If the foreign national’s work in the U.S. is seasonal or intermittent in nature, or if he or she has spent six months or less per year in the U.S., then the six year limit does not apply. Foreign workers can apply for one year incremental extensions of H-1B visa/status if he or she remained in status and had a labor certification or I-140 pending for a year or more. Also, status can be extended by three years if his or her employee has an I-140 approved on his or her behalf.
Also, note that spouses and children (below 21 years old and not married) are eligible to obtain H-4, which is a derivative status. They are allowed to accompany the H-1B Specialty Occupation worker and remain in the United States. Individuals with H-4 status may also attend schools.
NOW, what if the foreign national does not obtain H-1B status due to the quota? Big problem. However, not all H-1B non-immigrants are subject to this annual cap. One notable exemption is one having a U.S. Master’s Degree. Under the law the first 20,000 H-1B petitions that are filed on behalf of foreign nationals that have earned an advanced degree from a U.S. institution of higher education are exempt from the H-1B quota.
Note: this exemption is only available to those foreign nationals who have earned a Master’s or higher graduate degree from a U.S. institution of higher education.
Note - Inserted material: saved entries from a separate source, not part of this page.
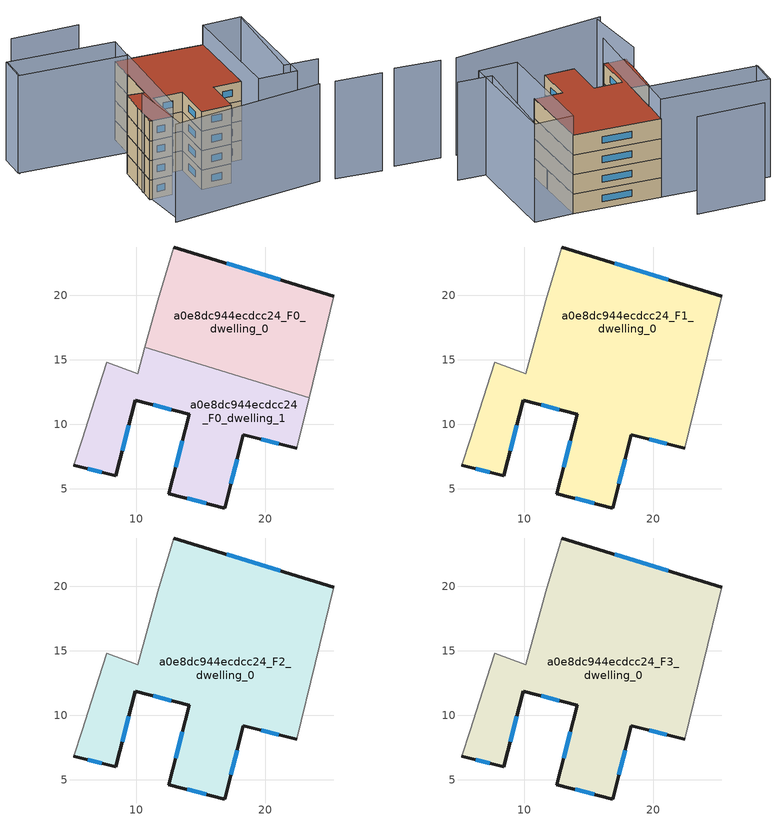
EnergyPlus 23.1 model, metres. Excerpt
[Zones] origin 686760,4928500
a0e8dc944ecdcc24_F0_dwelling_0
 floor ground (EU_floor_Construction): 25.3,19.93 23.38,12.05 10.64,15.95 11.64,19.58 12.88,23.75 z0
 wall outside (EU_wall_Construction): 25.3,19.93 12.88,23.75 z0:3
 wall adiabatic (EU_wall_Construction): 12.88,23.75 11.64,19.58 10.64,15.95 / 23.38,12.05 25.3,19.93 z0:3
 wall to a0e8dc944ecdcc24_F0_dwelling_1 (EU_wall_Construction): 10.64,15.95 23.38,12.05 z0:3
 window (EU_Window_Construction): 21.16,21.2 17.02,22.48 z1:2
a0e8dc944ecdcc24_F0_dwelling_1
 floor ground (EU_floor_Construction): 23.38,12.05 22.43,8.12 18.3,9.2 16.84,3.51 12.51,4.63 14.1,10.78 9.92,11.86 8.41,6.02 5.14,6.84 5.79,8.84 6.5,11.06 7.71,14.8 10.09,13.93 10.64,15.95 z0
 wall outside (EU_wall_Construction): 5.14,6.84 8.41,6.02 9.92,11.86 14.1,10.78 12.51,4.63 16.84,3.51 18.3,9.2 22.43,8.12 z0:3
 wall adiabatic (EU_wall_Construction): 10.64,15.95 10.09,13.93 7.71,14.8 6.5,11.06 5.79,8.84 5.14,6.84 / 22.43,8.12 23.38,12.05 z0:3
 window (EU_Window_Construction): 13.95,4.25 15.39,3.88 / 13.57,8.73 13.04,6.68 / 11.31,11.5 12.7,11.14 / 8.91,7.96 9.41,9.91 / 6.23,6.56 7.32,6.29 / 19.67,8.84 21.05,8.48 / 17.32,5.4 17.81,7.3 z1:2
a0e8dc944ecdcc24_F1_dwelling_0
 floor to a0e8dc944ecdcc24_F0_dwelling_0 (EU_floor_Construction): 25.3,19.93 23.38,12.05 10.64,15.95 11.64,19.58 12.88,23.75 z3
 floor to a0e8dc944ecdcc24_F0_dwelling_1 (EU_floor_Construction): 23.38,12.05 22.43,8.12 18.3,9.2 16.84,3.51 12.51,4.63 14.1,10.78 9.92,11.86 8.41,6.02 5.14,6.84 5.79,8.84 6.5,11.06 7.71,14.8 10.09,13.93 10.64,15.95 z3
 wall outside (EU_wall_Construction): 5.14,6.84 8.41,6.02 9.92,11.86 14.1,10.78 12.51,4.63 16.84,3.51 18.3,9.2 22.43,8.12 / 25.3,19.93 12.88,23.75 z3:6
 wall adiabatic (EU_wall_Construction): 12.88,23.75 11.64,19.58 10.09,13.93 7.71,14.8 6.5,11.06 5.79,8.84 5.14,6.84 / 22.43,8.12 25.3,19.93 z3:6
 window (EU_Window_Construction): 13.95,4.25 15.39,3.88 / 13.57,8.73 13.04,6.68 / 11.31,11.5 12.7,11.14 / 8.91,7.96 9.41,9.91 / 6.23,6.56 7.32,6.29 / 21.16,21.2 17.02,22.48 / 19.67,8.84 21.05,8.48 / 17.32,5.4 17.81,7.3 z4:5
a0e8dc944ecdcc24_F2_dwelling_0
 floor to a0e8dc944ecdcc24_F1_dwelling_0 (EU_floor_Construction): 25.3,19.93 22.43,8.12 18.3,9.2 16.84,3.51 12.51,4.63 14.1,10.78 9.92,11.86 8.41,6.02 5.14,6.84 5.79,8.84 6.5,11.06 7.71,14.8 10.09,13.93 11.64,19.58 12.88,23.75 z6
 wall outside (EU_wall_Construction): 5.14,6.84 8.41,6.02 9.92,11.86 14.1,10.78 12.51,4.63 16.84,3.51 18.3,9.2 22.43,8.12 / 25.3,19.93 12.88,23.75 z6:9
 wall adiabatic (EU_wall_Construction): 12.88,23.75 11.64,19.58 10.09,13.93 7.71,14.8 6.5,11.06 5.79,8.84 5.14,6.84 / 22.43,8.12 25.3,19.93 z6:9
 window (EU_Window_Construction): 13.95,4.25 15.39,3.88 / 13.57,8.73 13.04,6.68 / 11.31,11.5 12.7,11.14 / 8.91,7.96 9.41,9.91 / 6.23,6.56 7.32,6.29 / 21.16,21.2 17.02,22.48 / 19.67,8.84 21.05,8.48 / 17.32,5.4 17.81,7.3 z7:8
a0e8dc944ecdcc24_F3_dwelling_0
 floor to a0e8dc944ecdcc24_F2_dwelling_0 (EU_floor_Construction): 25.3,19.93 22.43,8.12 18.3,9.2 16.84,3.51 12.51,4.63 14.1,10.78 9.92,11.86 8.41,6.02 5.14,6.84 5.79,8.84 6.5,11.06 7.71,14.8 10.09,13.93 11.64,19.58 12.88,23.75 z9
 wall outside (EU_wall_Construction): 5.14,6.84 8.41,6.02 9.92,11.86 14.1,10.78 12.51,4.63 16.84,3.51 18.3,9.2 22.43,8.12 / 25.3,19.93 12.88,23.75 z9:12
 wall adiabatic (EU_wall_Construction): 12.88,23.75 11.64,19.58 10.09,13.93 7.71,14.8 6.5,11.06 5.79,8.84 5.14,6.84 / 22.43,8.12 25.3,19.93 z9:12
 window (EU_Window_Construction): 13.95,4.25 15.39,3.88 / 13.57,8.73 13.04,6.68 / 11.31,11.5 12.7,11.14 / 8.91,7.96 9.41,9.91 / 6.23,6.56 7.32,6.29 / 21.16,21.2 17.02,22.48 / 19.67,8.84 21.05,8.48 / 17.32,5.4 17.81,7.3 z10:11
 roof outside (EU_roof_Construction): 22.43,8.12 25.3,19.93 12.88,23.75 11.64,19.58 10.09,13.93 7.71,14.8 6.5,11.06 5.79,8.84 5.14,6.84 8.41,6.02 9.92,11.86 14.1,10.78 12.51,4.63 16.84,3.51 18.3,9.2 z12
shading: 3.63,-0.6 26.53,-3.69 / 35.14,-6.59 28.61,-4.45 / -2.3,28.39 -3.62,24.12 / 5.86,9.31 4.35,-0.31 / 31.09,2.19 26.24,3.68 / 26.24,3.68 30.73,18.28 / 11.82,19.84 7.35,4.62 / 12.32,30.86 2.54,33.51 / 21.01,2.67 25.3,19.94 / 25.3,19.94 30.93,18.54 / 30.93,18.54 26.65,1.27 / 26.65,1.27 21.01,2.67 / -2.5,28.46 12.91,23.74 / 12.91,23.74 11.64,19.59 / 11.64,19.59 -3.77,24.3 / -3.77,24.3 -2.5,28.46 z0:15
[Building]
EU S2 Campaign: North Axis=0; Terrain=City; Solar Distribution=FullExterior
[Site:Location]
Bologna: Latitude=44.5; Longitude=11.25; Time Zone=1; Elevation=37
[SizingPeriod:WeatherFileDays]
AnnualSizingPeriod: Begin Month=1; Begin Day of Month=1; End Month=12; End Day of Month=31; Day of Week for Start Day=Monday; Use Weather File Daylight Saving Period=No; Use Weather File Rain and Snow Indicators=No
[MATERIAL]
EU_InternalMass_Material: Roughness=MediumRough; Thickness=0.1; Conductivity=1; Density=1800; Specific Heat=900; Thermal Absorptance=0.9; Solar Absorptance=0.7; Visible Absorptance=0.7
[MATERIAL:NOMASS] Roughness=MediumRough; Thermal Absorptance=0.9; Solar Absorptance=0.7; Visible Absorptance=0.7
Name | Thermal Resistance
EU_wall_NoMass | 0.937881
EU_roof_NoMass | 0.548572
EU_floor_NoMass | 0.71348
[WINDOWMATERIAL:SIMPLEGLAZINGSYSTEM]
EU_Window_SimpleGlazing: UFactor=4.25633; Solar Heat Gain Coefficient=0.85; Visible Transmittance=0.85
[CONSTRUCTION]
EU_wall_Construction: EU_wall_NoMass
EU_roof_Construction: EU_roof_NoMass
EU_floor_Construction: EU_floor_NoMass
EU_InternalMass_Construction: EU_InternalMass_Material
EU_Window_Construction: EU_Window_SimpleGlazing
[ZONE] Type=1; Multiplier=1; Ceiling Height=autocalculate; Floor Area=autocalculate; Part of Total Floor Area=Yes
Name | Volume
a0e8dc944ecdcc24_F0_dwelling_0 | 320.425
a0e8dc944ecdcc24_F1_dwelling_0 | 640.835
a0e8dc944ecdcc24_F2_dwelling_0; a0e8dc944ecdcc24_F3_dwelling_0 | 640.836
a0e8dc944ecdcc24_F0_dwelling_1 | 320.412
[INTERNALMASS] Construction=EU_InternalMass_Construction
Name | Zone or ZoneList | Surface Area
a0e8dc944ecdcc24_F0_dwelling_0_EU_InternalMass | a0e8dc944ecdcc24_F0_dwelling_0 | 106.808
a0e8dc944ecdcc24_F0_dwelling_1_EU_InternalMass | a0e8dc944ecdcc24_F0_dwelling_1 | 106.804
a0e8dc944ecdcc24_F1_dwelling_0_EU_InternalMass | a0e8dc944ecdcc24_F1_dwelling_0 | 213.612
a0e8dc944ecdcc24_F2_dwelling_0_EU_InternalMass | a0e8dc944ecdcc24_F2_dwelling_0 | 213.612
a0e8dc944ecdcc24_F3_dwelling_0_EU_InternalMass | a0e8dc944ecdcc24_F3_dwelling_0 | 213.612
[OTHEREQUIPMENT] Fuel Type=Electricity; Design Level Calculation Method=Watts/Area; Power per Zone Floor Area=1; Fraction Latent=0; Fraction Radiant=0; Fraction Lost=0; Carbon Dioxide Generation Rate=0; EndUse Subcategory=EU_Step8_InternalGains
Name | Zone or ZoneList or Space or SpaceList | Schedule
EU_Step8_InternalGain_a0e8dc944ecdcc24_F0_dwelling_0_f000 | a0e8dc944ecdcc24_F0_dwelling_0 | EU_Step8_GainSchedule_a0e8dc944ecdcc24_F0_dwelling_0_f000
EU_Step8_InternalGain_a0e8dc944ecdcc24_F0_dwelling_1_f000 | a0e8dc944ecdcc24_F0_dwelling_1 | EU_Step8_GainSchedule_a0e8dc944ecdcc24_F0_dwelling_1_f000
EU_Step8_InternalGain_a0e8dc944ecdcc24_F1_dwelling_0_f000 | a0e8dc944ecdcc24_F1_dwelling_0 | EU_Step8_GainSchedule_a0e8dc944ecdcc24_F1_dwelling_0_f000
EU_Step8_InternalGain_a0e8dc944ecdcc24_F2_dwelling_0_f000 | a0e8dc944ecdcc24_F2_dwelling_0 | EU_Step8_GainSchedule_a0e8dc944ecdcc24_F2_dwelling_0_f000
EU_Step8_InternalGain_a0e8dc944ecdcc24_F3_dwelling_0_f000 | a0e8dc944ecdcc24_F3_dwelling_0 | EU_Step8_GainSchedule_a0e8dc944ecdcc24_F3_dwelling_0_f000
[ZONEVENTILATION:DESIGNFLOWRATE] Schedule=EU_AlwaysOn; Design Flow Rate Calculation Method=AirChanges/Hour; Air Changes per Hour=0.687892; Ventilation Type=Natural; Fan Pressure Rise=0; Fan Total Efficiency=1; Constant Term Coefficient=1; Temperature Term Coefficient=0; Velocity Term Coefficient=0; Velocity Squared Term Coefficient=0; Minimum Indoor Temperature=-100; Maximum Indoor Temperature=100; Delta Temperature=-100; Minimum Outdoor Temperature=-100; Maximum Outdoor Temperature=100; Maximum Wind Speed=40
Name | Zone or ZoneList or Space or SpaceList
EU_ConstantAir_a0e8dc944ecdcc24_F0_dwelling_0 | a0e8dc944ecdcc24_F0_dwelling_0
EU_ConstantAir_a0e8dc944ecdcc24_F0_dwelling_1 | a0e8dc944ecdcc24_F0_dwelling_1
EU_ConstantAir_a0e8dc944ecdcc24_F1_dwelling_0 | a0e8dc944ecdcc24_F1_dwelling_0
EU_ConstantAir_a0e8dc944ecdcc24_F2_dwelling_0 | a0e8dc944ecdcc24_F2_dwelling_0
EU_ConstantAir_a0e8dc944ecdcc24_F3_dwelling_0 | a0e8dc944ecdcc24_F3_dwelling_0
[HVACTEMPLATE:THERMOSTAT] Constant Heating Setpoint=20; Constant Cooling Setpoint=50
EU_HeatOnly_a0e8dc944ecdcc24_F0_dwelling_0; EU_HeatOnly_a0e8dc944ecdcc24_F0_dwelling_1; EU_HeatOnly_a0e8dc944ecdcc24_F1_dwelling_0; EU_HeatOnly_a0e8dc944ecdcc24_F2_dwelling_0; EU_HeatOnly_a0e8dc944ecdcc24_F3_dwelling_0
[HVACTEMPLATE:ZONE:IDEALLOADSAIRSYSTEM] System Availability Schedule=EU_AlwaysOn; Maximum Heating Supply Air Temperature=50; Minimum Cooling Supply Air Temperature=13; Maximum Heating Supply Air Humidity Ratio=0.0156; Minimum Cooling Supply Air Humidity Ratio=0.0077; Heating Limit=NoLimit; Cooling Limit=NoLimit; Heating Availability Schedule=EU_AlwaysOn; Cooling Availability Schedule=EU_CoolingOff; Dehumidification Control Type=ConstantSensibleHeatRatio; Cooling Sensible Heat Ratio=0.7; Dehumidification Setpoint=60; Humidification Control Type=None; Humidification Setpoint=30; Outdoor Air Method=None; Outdoor Air Flow Rate per Person=0.00944; Outdoor Air Flow Rate per Zone Floor Area=0; Outdoor Air Flow Rate per Zone=0; Demand Controlled Ventilation Type=None; Outdoor Air Economizer Type=NoEconomizer; Heat Recovery Type=None; Sensible Heat Recovery Effectiveness=0.7; Latent Heat Recovery Effectiveness=0.65
Name | Template Thermostat
a0e8dc944ecdcc24_F0_dwelling_0 | EU_HeatOnly_a0e8dc944ecdcc24_F0_dwelling_0
a0e8dc944ecdcc24_F0_dwelling_1 | EU_HeatOnly_a0e8dc944ecdcc24_F0_dwelling_1
a0e8dc944ecdcc24_F1_dwelling_0 | EU_HeatOnly_a0e8dc944ecdcc24_F1_dwelling_0
a0e8dc944ecdcc24_F2_dwelling_0 | EU_HeatOnly_a0e8dc944ecdcc24_F2_dwelling_0
a0e8dc944ecdcc24_F3_dwelling_0 | EU_HeatOnly_a0e8dc944ecdcc24_F3_dwelling_0
[SIZING:ZONE] Zone Cooling Design Supply Air Temperature Input Method=SupplyAirTemperature; Zone Cooling Design Supply Air Temperature=13; Zone Heating Design Supply Air Temperature Input Method=SupplyAirTemperature; Zone Heating Design Supply Air Temperature=50; Zone Cooling Design Supply Air Humidity Ratio=0.008; Zone Heating Design Supply Air Humidity Ratio=0.008; Cooling Design Air Flow Method=DesignDay; Cooling Design Air Flow Rate=0; Cooling Minimum Air Flow per Zone Floor Area=0.000762; Cooling Minimum Air Flow=0; Cooling Minimum Air Flow Fraction=0.2; Heating Design Air Flow Method=DesignDay; Heating Design Air Flow Rate=0; Heating Maximum Air Flow per Zone Floor Area=0.002032; Heating Maximum Air Flow=0.141576; Heating Maximum Air Flow Fraction=0.3; Account for Dedicated Outdoor Air System=No; Dedicated Outdoor Air System Control Strategy=NeutralSupplyAir; Dedicated Outdoor Air Low Setpoint Temperature for Design=autosize; Dedicated Outdoor Air High Setpoint Temperature for Design=autosize; Zone Load Sizing Method=Sensible Load Only No Latent Load; Zone Latent Cooling Design Supply Air Humidity Ratio Input Method=HumidityRatioDifference; Zone Cooling Design Supply Air Humidity Ratio Difference=0.005; Zone Latent Heating Design Supply Air Humidity Ratio Input Method=HumidityRatioDifference; Zone Humidification Design Supply Air Humidity Ratio Difference=0.005
a0e8dc944ecdcc24_F0_dwelling_0; a0e8dc944ecdcc24_F0_dwelling_1; a0e8dc944ecdcc24_F1_dwelling_0; a0e8dc944ecdcc24_F2_dwelling_0; a0e8dc944ecdcc24_F3_dwelling_0
[SCHEDULE:CONSTANT]
Name | Hourly Value
EU_AlwaysOn | 1
EU_CoolingOff | 0
[SCHEDULE:FILE] Column Number=1; Rows to Skip at Top=0; Number of Hours of Data=8760; Column Separator=Comma; Interpolate to Timestep=No; Minutes per Item=60; Adjust Schedule for Daylight Savings=Yes
Name | File
EU_Step8_GainSchedule_a0e8dc944ecdcc24_F0_dwelling_0_f000 | ../../schedules/a0e8dc944ecdcc24/a0e8dc944ecdcc24_F0_dwelling_0_f000_gain.csv
EU_Step8_GainSchedule_a0e8dc944ecdcc24_F0_dwelling_1_f000 | ../../schedules/a0e8dc944ecdcc24/a0e8dc944ecdcc24_F0_dwelling_1_f000_gain.csv
EU_Step8_GainSchedule_a0e8dc944ecdcc24_F1_dwelling_0_f000 | ../../schedules/a0e8dc944ecdcc24/a0e8dc944ecdcc24_F1_dwelling_0_f000_gain.csv
EU_Step8_GainSchedule_a0e8dc944ecdcc24_F2_dwelling_0_f000 | ../../schedules/a0e8dc944ecdcc24/a0e8dc944ecdcc24_F2_dwelling_0_f000_gain.csv
EU_Step8_GainSchedule_a0e8dc944ecdcc24_F3_dwelling_0_f000 | ../../schedules/a0e8dc944ecdcc24/a0e8dc944ecdcc24_F3_dwelling_0_f000_gain.csv

It does not include foreign graduate degrees.
There are two other classes of exemptions we should take note of. Consider H-1B cap exempt petitioners. The H-1B cap does not apply to certain applicants filing for H-1B visas through institutions of higher education, nonprofit research organizations, and government research organizations. Now consider a class known as H-1B cap exempt beneficiaries.
Even after the H-1B cap is reached, visas will still be available for applicants filing for amendments, extensions, and transfers, unless they are transferring from an exempt employer or exempt position and were not counted toward the cap previously; i.e., if you have been counted once you will not be counted a second time. Accordingly, U.S. Citizenship and Immigration Services (“USCIS”) will continue to process petitions filed to: (a) extend the amount of time a current H-1B worker may remain in the United States; (b) change the terms of employment for current H-1B workers; (c) allow current H-1B workers to change employers.
Note: it does not include workers who currently hold H-1B status in a cap-exempt job, such as a faculty or researchers at a university or government research institution, or physicians at teaching hospitals; (d) the H-1B cap exemption also applied to workers who are currently outside the U.S., as long as they held an H-1B visa status during the past six years, have not exhausted the full six years, and have not spent a full year outside the U.S.